ドラマ「POSE/ポーズ」で第71回エミー賞の主演男優賞(ドラマ部門)を受賞した俳優のビリー・ポーター(51)。米誌『The Hollywood Reporter』に寄稿したエッセイの中で、HIV陽性であることを明かしました。

Billy Porter Instagram

「私は、(HIVを)よく知っているはずの世代だったが、とにかくそうなってしまった。2007年。それは私の人生で最悪の年だった。10年ほど前から無名で、崖っぷちだったけれど、2007年は最悪だった。

2月に2型糖尿病と診断。3月には破産宣告を受けた。そして、6月にHIV陽性と診断された。その時に感じた恥ずかしい思い、それまでの人生で蓄積された情けなさが重なって、私は沈黙し、この14年間もの間、明かすことなく生きてきた」

HIV陽性について「ペンテコステ派で非常に信心深い家族のもとで育った私にとっては、神の罰を意味する」というビリーですが、自身の母親以外、知っておくべき人には告げていたそうです。

◆きっかけはパンデミック

そんなビリーが今回の告白に至ったのは、去年から本格的なトラウマのセラピーを始めたことがきっかけだったそう。持病を持つ彼は、新型コロナウィルスの感染予防のため、パートナーとニューヨーク郊外のロングアイランドに家を借りていたのだとか。

「新型コロナウィルスは、立ち止まって考え、自分の人生のトラウマに対処するための安全な空間を作ってくれた。私は長い間、セラピーを受けてきた。25歳のときに始めて、何年も続けてきたんだ」

トラウマのセラピーでは7歳から12歳まで継父に性的虐待を受けたこと、16歳でカミングアウトしたことなど、これまでに起こったことに向き合い、自分自身を癒すというプロセスを経たのだとか。

◆母親から返ってきた言葉は…

ビリーが同性愛者であることを理由に宗教団体から迫害を受けたという母親。ビリーはそんな母のことを慮るあまり、事実を告げずに彼女がこの世を去ることを望んだといいます。パンデミックのなか、ビリーはようやく母親に伝えることができたのだとか。ビリーの告白に母親は「14年間も抱えていたの?もう二度とこんなことしないで。私はあなたの母親よ、何があってもあなたを愛しているわ」と告げたそうです。

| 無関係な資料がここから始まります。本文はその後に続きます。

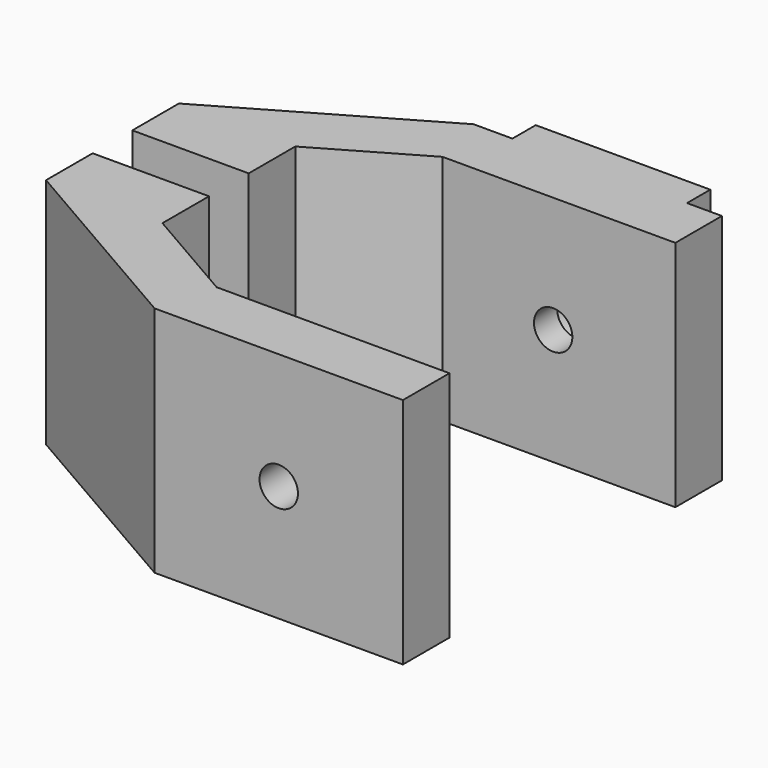
from build123d import *

# Parameters (mm, degrees)
F0_W     = 10
F0_H     = 5
F1_DEPTH = 20
F2_R     = 3.05
F3_DEPTH = 5
F4_R     = 1.65
F5_DEPTH = 31.7638052831
F6_R     = 1.65
F7_DEPTH = 36.7638052831


with BuildPart() as f1:
    # F0 (on Top) → F1 (new body)
    with BuildSketch(Plane.XY):
        Rectangle(F0_W, F0_H)
        Polygon((-5, 2.5), (5, 2.5), (13.6602540378, 7.5), (33.6602540378, 7.5), (33.6602540378, 12.5), (30.6602540378, 12.5), (24.6622947636, 12.5), (15.6602540378, 12.5), (12.3205080757, 12.5), align=None)
        Polygon((15.6602540378, 15), (15.6602540378, 12.5), (24.6622947636, 12.5), (30.6602540378, 12.5), (30.6602540378, 15), align=None)
    extrude(amount=F1_DEPTH)

    # F2 (on face) → F3 (cut)
    with BuildSketch(Plane(origin=(0, 15, 0), x_dir=(-1, 0, 0), z_dir=(0, 1, 0))):
        with Locations((-23.1602540378, 10)):
            Circle(F2_R)
    extrude(amount=-F3_DEPTH, mode=Mode.SUBTRACT)

    # F4 (on face) → F5 (cut, through all)
    with BuildSketch(Plane(origin=(0, 10, 0), x_dir=(-1, 0, 0), z_dir=(0, 1, 0))):
        with Locations((-23.1602540378, 10)):
            Circle(F4_R)
    extrude(amount=-F5_DEPTH, mode=Mode.SUBTRACT)


with BuildPart() as f1b:
    # F0 (on Top) → F1, piece 2 (new body)
    with BuildSketch(Plane.XY):
        with Locations((0, -9.2628052831)):
            Rectangle(F0_W, F0_H)
        Polygon((5, -11.7628052831), (-5, -11.7628052831), (12.3205080757, -21.7628052831), (33.6602540378, -21.7628052831), (33.6602540378, -16.7628052831), (13.6602540378, -16.7628052831), align=None)
    extrude(amount=F1_DEPTH)

    # F6 (on face) → F7 (cut, through all)
    with BuildSketch(Plane.XZ.offset(21.7628052831)):
        with Locations((22.9903810568, 10)):
            Circle(F6_R)
    extrude(amount=-F7_DEPTH, mode=Mode.SUBTRACT)


solid = Compound([f1.part, f1b.part])
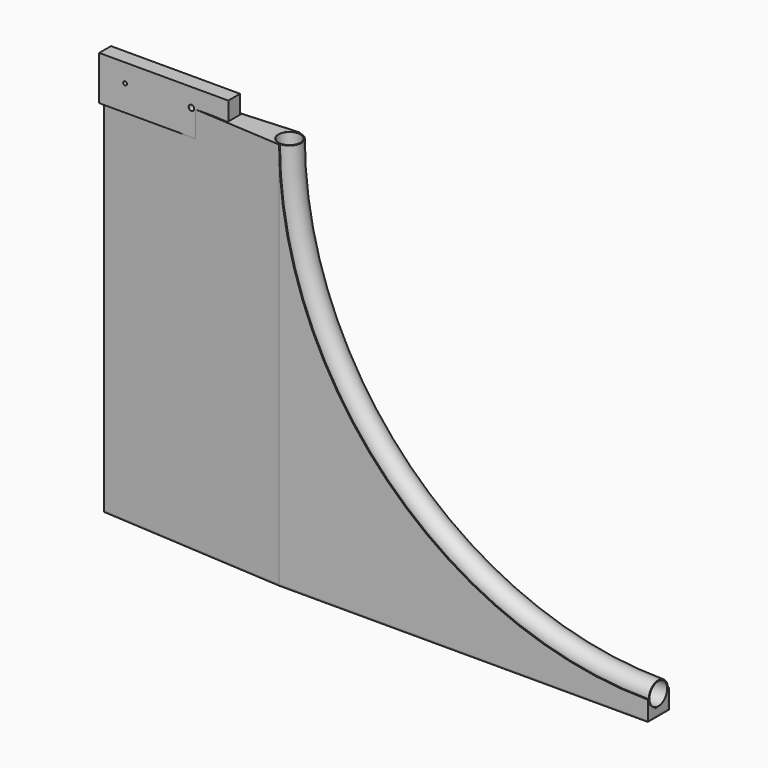
from build123d import *

# Parameters (mm, degrees)
F1_R           = 32.5
F1_R_2         = 30
F3_W           = 350
F3_H           = 120
F6_DEPTH       = 20
F5_E11_W       = 501.055137
F5_E11_H       = 1050
F9_DEPTH       = 3
F12_DEPTH      = 3
F14_DEPTH      = 3
F17_DEPTH      = 3
F0_R           = 7.5
F0_R_2         = 5
F18_DEPTH      = 35.501
F18_DEPTH_BACK = 35.501
F19_R          = 32.5
F19_R_2        = 30
F20_DEPTH      = 650


with BuildPart() as f2:
    # F2: sweep along a path in F0
    with BuildLine(Plane.XZ) as f2_path:
        ThreePointArc((250, 0), (542.893219, -707.106781), (1250, -1000))
    # F1 (on Top) → F2 (sweep)
    with BuildSketch(Plane.XY):
        with Locations((250, 0)):
            Circle(F1_R)
        with Locations((250, 0)):
            Circle(F1_R_2, mode=Mode.SUBTRACT)
    sweep(path=f2_path.line)


with BuildPart() as f6:
    # F3 (on Front) → F6 (new body, symmetric)
    with BuildSketch(Plane.XZ):
        with Locations((-75, -10)):
            Rectangle(F3_W, F3_H)
    extrude(amount=F6_DEPTH, both=True)


with BuildPart() as f9:
    # F8 (on offset) + F5_E11 (on explicit) → F9 (new body)
    with BuildSketch(Plane.XZ.offset(-32.5)):
        with BuildLine():
            Line((250, -1050), (1250, -1050))
            Line((1250, -1050), (1250, -1000))
            ThreePointArc((1250, -1000), (542.893219, -707.106781), (250, 0))
            Line((250, 0), (250, -1050))
        make_face()
    with BuildSketch(Plane(origin=(250, 32.5, 0), x_dir=(-0.997894, -0.064863, 0), z_dir=(0.064863, -0.997894, 0))):
        with Locations((250.527569, 525)):
            Rectangle(F5_E11_W, F5_E11_H)
    extrude(amount=-F9_DEPTH, dir=(0, -1, 0))


with BuildPart() as f10_1:
    # F10: instance of F9
    add(f9.part.mirror(Plane.XZ))


with BuildPart() as f12:
    # F11 (on face) → F12 (new body)
    with BuildSketch(Plane.YZ.offset(1250)):
        with BuildLine():
            Line((32.5, -1050), (32.5, -1000))
            ThreePointArc((32.5, -1000), (0, -1032.5), (-32.5, -1000))
            Line((-32.5, -1000), (-32.5, -1050))
            Line((-32.5, -1050), (32.5, -1050))
        make_face()
    extrude(amount=-F12_DEPTH)


with BuildPart() as f14:
    # F13 (on face) → F14 (new body)
    with BuildSketch(Plane(origin=(0, 0, -1050), x_dir=(1, 0, 0), z_dir=(0, 0, -1))):
        Polygon((250, -35.5), (1250, -35.5), (1250, 35.5), (250, 35.5), (-250, 3), (-250, -3), align=None)
    extrude(amount=F14_DEPTH)


with BuildPart() as f17:
    # F16 (on face) → F17 (new body)
    with BuildSketch(Plane.XY):
        with BuildLine():
            Line((245.792776, 32.22653), (250, 32.5))
            ThreePointArc((250, 32.5), (247.891949, 32.431561), (245.792776, 32.22653))
        make_face()
    extrude(amount=-F17_DEPTH)


with BuildPart() as f17b:
    # F16 (on face) → F17, piece 2 (new body)
    with BuildSketch(Plane.XY):
        with BuildLine():
            Line((250, -32.5), (245.792776, -32.22653))
            ThreePointArc((245.792776, -32.22653), (247.891949, -32.431561), (250, -32.5))
        make_face()
    extrude(amount=-F17_DEPTH)


with BuildPart() as f17c:
    # F16 (on face) → F17, piece 3 (new body)
    with BuildSketch(Plane.XY):
        with BuildLine():
            ThreePointArc((245.792776, -32.22653), (217.5, 0), (245.792776, 32.22653))
            Line((245.792776, 32.22653), (100, 22.75))
            Line((100, 22.75), (100, -22.75))
            Line((100, -22.75), (245.792776, -32.22653))
        make_face()
    extrude(amount=-F17_DEPTH)


with BuildPart() as f18_tool:
    # F0 (on Front) → F18 (new body, two sides)
    with BuildSketch(Plane.XZ) as f18_sk:
        Circle(F0_R)
        with Locations((-180, 0)):
            Circle(F0_R_2)
    extrude(amount=-F18_DEPTH)
    extrude(f18_sk.sketch, amount=F18_DEPTH_BACK)


with BuildPart() as f6_1:
    add(f6.part)

    # F18: cut by f18_tool
    add(f18_tool.part, mode=Mode.SUBTRACT)


with BuildPart() as f9_1:
    add(f9.part)

    # F18: cut by f18_tool
    add(f18_tool.part, mode=Mode.SUBTRACT)


with BuildPart() as f10_1_1:
    add(f10_1.part)

    # F18: cut by f18_tool
    add(f18_tool.part, mode=Mode.SUBTRACT)


with BuildPart() as f20:
    # F19 (on face) → F20 (new body)
    with BuildSketch(Plane.XY.offset(-1050)):
        with Locations((250, 0)):
            Circle(F19_R)
        with Locations((250, 0)):
            Circle(F19_R_2, mode=Mode.SUBTRACT)
    extrude(amount=F20_DEPTH)


solid = Compound([f2.part, f12.part, f14.part, f17.part, f17b.part, f17c.part, f6_1.part, f9_1.part, f10_1_1.part, f20.part])

「長年のトラウマは人間を臆病にする。でも、真実は自分自身を解放するんだ。心が解放されるのを感じる。何年も、何年も、心を手で押さえつけられているように感じていたけれど、それがすべてなくなったんだ」

3カ月毎に診察を受け、服薬によってT 細胞(免疫細胞であるリンパ球の一種)の数は倍になったというビリーは、これまでの人生で一番健康だそう。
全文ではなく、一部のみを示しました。